Saya kira Indonesia belum siap untuk menjadi urutan pertama, tetapi Indonesia lebih memilih posisi tengah-tengah. Paslanya kalau diatas akan mudah terjatuh, tapi jika di bawah akan tertinggal. Indonesia tidak perlu jadi yang pertama jika nantinya hanya akan membawa kesombongan dan menjadi arogan. Hal ini bisa kita saksikan, ketika Indonesia melawan Vietnam di semifinal dan menang telak 2-0, media masa maupun media cetak kemudian banyak menggunakan bahasa-bahasa arogan misalnya dengan kata-kata “Indonesia menggasak Vietnam, menekuk, menggilas, dan lain sebagainya” padahal hal ini tak perlu.

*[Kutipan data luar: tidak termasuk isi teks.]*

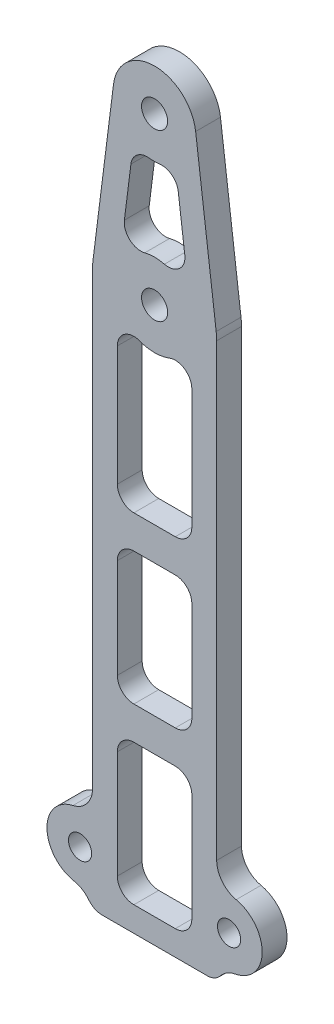
from build123d import *

# Parameters (mm, degrees)
SKETCH_1_R          = 1.575
SKETCH_1_R_2        = 14.5
EXTRUDE_1_DEPTH     = 3
CUT_EXTRUDE_START   = -3
CUT_EXTRUDE_1_DEPTH = 3
SKETCH_3_W          = 9
SKETCH_3_H          = 4
EXTRUDE_2_DEPTH     = 3
SKETCH_4_R          = 4
SKETCH_4_R_2        = 1.4
EXTRUDE_3_DEPTH     = 3
SKETCH_5_W          = 57.078231857
SKETCH_5_H          = 48.607322339
CUT_EXTRUDE_2_DEPTH = 10
SKETCH_6_W          = 9
SKETCH_6_H          = 3
EXTRUDE_4_DEPTH     = 3
FILLET_1_R          = 2
FILLET_2_R          = 3
FILLET_3_R          = 2


with BuildPart() as part:
    # 草图1 → 凸台-拉伸1 (new body)
    with BuildSketch(Plane.XY):
        with BuildLine():
            ThreePointArc((7.5, 0), (7.485279444, 0.469671844), (7.441175562, 0.9375))
            Line((7.441175562, 0.9375), (4.960783708, 20.625))
            ThreePointArc((4.960783708, 20.625), (0, 25), (-4.960783708, 20.625))
            Line((-4.960783708, 20.625), (-7.441175562, 0.9375))
            ThreePointArc((-7.441175562, 0.9375), (-7.485279444, 0.469671844), (-7.5, 0))
            Line((-7.5, 0), (-7.5, -69.31788212))
            ThreePointArc((-7.5, -69.31788212), (0, -112), (7.5, -69.31788212))
            Line((7.5, -69.31788212), (7.5, 0))
        make_face()
        with Locations((-12.374368671, -102.374368671)):
            Circle(SKETCH_1_R, mode=Mode.SUBTRACT)
        with Locations((-12.374368671, -77.625631329)):
            Circle(SKETCH_1_R, mode=Mode.SUBTRACT)
        with Locations((0, -90)):
            Circle(SKETCH_1_R_2, mode=Mode.SUBTRACT)
        with Locations((12.374368671, -102.374368671)):
            Circle(SKETCH_1_R, mode=Mode.SUBTRACT)
        with Locations((12.374368671, -77.625631329)):
            Circle(SKETCH_1_R, mode=Mode.SUBTRACT)
        Circle(SKETCH_1_R, mode=Mode.SUBTRACT)
        with Locations((0, 20)):
            Circle(SKETCH_1_R, mode=Mode.SUBTRACT)
    extrude(amount=EXTRUDE_1_DEPTH)

    # 草图2 → 切除-拉伸1 (cut)
    with BuildSketch(Plane.XY.offset(3).offset(CUT_EXTRUDE_START)):
        with BuildLine():
            Line((0, -68), (0, -5))
            ThreePointArc((0, -5), (-2.655442773, -4.236581603), (-4.5, -2.179449472))
            Line((-4.5, -2.179449472), (-4.5, -68.465144533))
            ThreePointArc((-4.5, -68.465144533), (-2.261988032, -68.116595097), (0, -68))
        make_face()
        with BuildLine():
            ThreePointArc((4.5, -2.179449472), (2.655442773, -4.236581603), (0, -5))
            Line((0, -5), (0, -68))
            ThreePointArc((0, -68), (2.261988032, -68.116595097), (4.5, -68.465144533))
            Line((4.5, -68.465144533), (4.5, -2.179449472))
        make_face()
        with BuildLine():
            Line((-2.557135445, 15.70336663), (-4.192274153, 2.724855487))
            ThreePointArc((-4.192274153, 2.724855487), (0, 5), (4.192274153, 2.724855487))
            Line((4.192274153, 2.724855487), (2.557135445, 15.70336663))
            ThreePointArc((2.557135445, 15.70336663), (0, 15), (-2.557135445, 15.70336663))
        make_face()
    extrude(amount=CUT_EXTRUDE_1_DEPTH, mode=Mode.SUBTRACT)

    # 草图3 → 凸台-拉伸2 (add)
    with BuildSketch(Plane.XY.offset(3)):
        with Locations((0, -45)):
            Rectangle(SKETCH_3_W, SKETCH_3_H)
        with Locations((0, -25)):
            Rectangle(SKETCH_3_W, SKETCH_3_H)
    extrude(amount=-EXTRUDE_2_DEPTH)

    # 草图4 → 凸台-拉伸3 (add)
    # profile 1 of 2: a face of its own
    with BuildSketch(Plane.XY.offset(3)):
        with Locations((-9, -61.2)):
            Circle(SKETCH_4_R)
        with Locations((-9, -61.2)):
            Circle(SKETCH_4_R_2, mode=Mode.SUBTRACT)
    # profile 2 of 2: a face of its own
    with BuildSketch(Plane.XY.offset(3)):
        with Locations((9, -61.2)):
            Circle(SKETCH_4_R)
        with Locations((9, -61.2)):
            Circle(SKETCH_4_R_2, mode=Mode.SUBTRACT)
    extrude(amount=-EXTRUDE_3_DEPTH)

    # 草图5 → 切除-拉伸2 (cut)
    with BuildSketch(Plane.XY.offset(3)):
        with Locations((3.178219729, -91.30366117)):
            Rectangle(SKETCH_5_W, SKETCH_5_H)
    extrude(amount=-CUT_EXTRUDE_2_DEPTH, mode=Mode.SUBTRACT)

    # 草图6 → 凸台-拉伸4 (add)
    with BuildSketch(Plane.XY.offset(3)):
        with Locations((0, -65.5)):
            Rectangle(SKETCH_6_W, SKETCH_6_H)
    extrude(amount=-EXTRUDE_4_DEPTH)

    # 圆角1
    fillet_1_edges = [part.edges().sort_by_distance(p)[0] for p in [
        (-4.5, -27, 1.5),
        (-4.5, -23, 1.5),
        (4.5, -23, 1.5),
        (4.5, -27, 1.5),
        (-2.557135445, 15.70336663, 1.5),
        (2.557135445, 15.70336663, 1.5),
        (4.192274153, 2.724855487, 1.5),
        (-4.192274153, 2.724855487, 1.5),
        (-4.5, -2.179449472, 1.5),
        (4.5, -2.179449472, 1.5),
        (-4.5, -47, 1.5),
        (-4.5, -43, 1.5),
        (4.5, -43, 1.5),
        (4.5, -47, 1.5),
    ]]
    fillet(fillet_1_edges, radius=FILLET_1_R)

    # 圆角2
    # the kernel refuses this fillet: 3 mm, written as the material it adds along each edge
    with BuildSketch(Plane(origin=(-7.5, -64.908099244, 0), x_dir=(0, -1, 0), z_dir=(0, 0, 1))) as fillet_2_piece_1:
        with BuildLine():
            CenterArc((3.170220896, -2.799504541), FILLET_2_R, 111.06581136, 58.235536144)
            Line((0.222369408, -2.242574024), (0.163412378, -2.231435413))
            ThreePointArc((0.163412378, -2.231435413), (0.21267274, -1.11122365), (-0.055621489, -0.0225))
            Line((-0.055621489, -0.0225), (0, 0.06))
            ThreePointArc((0, 0.06), (1.045950378, 0.06), (2.070334354, 0.055990091))
            Line((2.070334354, 0.055990091), (2.091900756, 0))
        make_face()
    extrude(amount=3)
    with BuildSketch(Plane(origin=(-7.5, -57.491900756, 0), x_dir=(0, 1, 0), z_dir=(0, 0, 1))) as fillet_2_piece_2:
        with BuildLine():
            CenterArc((3.129297922, 3), FILLET_2_R, 192.373625116, 77.626374884)
            Line((0.198984851, 2.357142857), (0.14037859, 2.344285714))
            ThreePointArc((0.14037859, 2.344285714), (0.217936404, 1.168572647), (-0.055621489, 0.0225))
            Line((-0.055621489, 0.0225), (0, -0.06))
            Line((0, -0.06), (3.129297922, -0.06))
            Line((3.129297922, -0.06), (3.129297922, 0))
        make_face()
    extrude(amount=3)
    with BuildSketch(Plane(origin=(7.5, -64.908099244, 0), x_dir=(0, -1, 0), z_dir=(0, 0, 1))) as fillet_2_piece_3:
        with BuildLine():
            CenterArc((3.170220896, 2.799504541), FILLET_2_R, 190.698652496, 58.235536144)
            Line((0.222369408, 2.242574024), (0.163412378, 2.231435413))
            ThreePointArc((0.163412378, 2.231435413), (0.21267274, 1.11122365), (-0.055621489, 0.0225))
            Line((-0.055621489, 0.0225), (0, -0.06))
            ThreePointArc((0, -0.06), (1.045950378, -0.06), (2.070334354, -0.055990091))
            Line((2.070334354, -0.055990091), (2.091900756, 0))
        make_face()
    extrude(amount=3)
    with BuildSketch(Plane(origin=(7.5, -57.491900756, 0), x_dir=(0.996455748224994, 0.08411861761445558, 0), z_dir=(0, 0, 1))) as fillet_2_piece_4:
        with BuildLine():
            CenterArc((3.25259946, 2.865851049), FILLET_2_R, 175.17465614, 77.626374884)
            Line((0.263232215, 3.118206902), (0.20344487, 3.123254019))
            Line((0.20344487, 3.123254019), (-0.059787345, 0.005047117))
            Line((-0.059787345, 0.005047117), (0.017741452, -0.057317021))
            ThreePointArc((0.017741452, -0.057317021), (1.18276344, 0.118865267), (2.347785428, -0.057317021))
            Line((2.347785428, -0.057317021), (2.36552688, 0))
        make_face()
    extrude(amount=3)

    # 圆角3
    fillet_3_edges = [part.edges().sort_by_distance(p)[0] for p in [
        (-7.5, -67, 1.5),
        (7.5, -67, 1.5),
        (-4.5, -64, 1.5),
        (4.5, -64, 1.5),
    ]]
    fillet(fillet_3_edges, radius=FILLET_3_R)


solid = part.part

Mungkin Karena inilah Indonesia tidak menempati peringkat pertama, rasionalnya adalah “sebelum jadi juara sudah sombong, apalagi kalau jadi juara??” bahkan istilah seperti ini bisa saja muncul jika Indonesia menjadi jura, “Malaysia bertekuk lutut atas Indonesia.” Padahal ini tak perlu.

Pemberitaan seharusnya menggunakan bahasa yang lugas tegas dan tidak provokatif terhadap pembacanya. Karena hal tersebut merubah mindset dan mampu mempengaruhi pembaca, hal ini berbahaya jika diterima dengan mentah-mentah oleh masyarakat awam. Kemudian terjadilah konflik dan kerusakan, kerusuhan dan lain sebgainya.

saya kira pemilihan kata dalam pembuatan berita di media yang cetak maupun media audio-visual harus betul-betul baik. Karena hal tersebut berdampak kepada pendengar dan pembaca untuk bertindak dan bersikap di masyarakat. Bangunan inilah yang seharusanya diperbaiki dan menjdai evaluasi bagi kawan-kawan pembuat berita.

Saya apresiasi dengan KPI komisi penyiaran Indonesia yang meng-cut kata-kata kotor dalam film, hal ini juga dapat diterapkan dalam media cetak. Justru inilah yang harus dilakukan. Ketika seseorang membaca, kemudian masuk kedalamnya dan meyakininya, maka bacaan itulah yang melahirkan sebuah tindakan atau sikap bagi si pembaca. Provokatif dalam tulisan lebih mengena dan sangat kuat, sehingga sulit untuk merubahnya.

Sebetulnya kekalahan bukanlah akhir dari segalanya. Kekalahan adalah awal dari sebuah perjuanagn untuk meraih sebuah kemenangan. Degan kekalahan itulah kita memiliki tolak ukur sejauh mana kekuatan dan kelemahan diri. Justru mengalah itu lebih mulia dan tidak sombong, daripada menang kemudian malah menjadi sombong.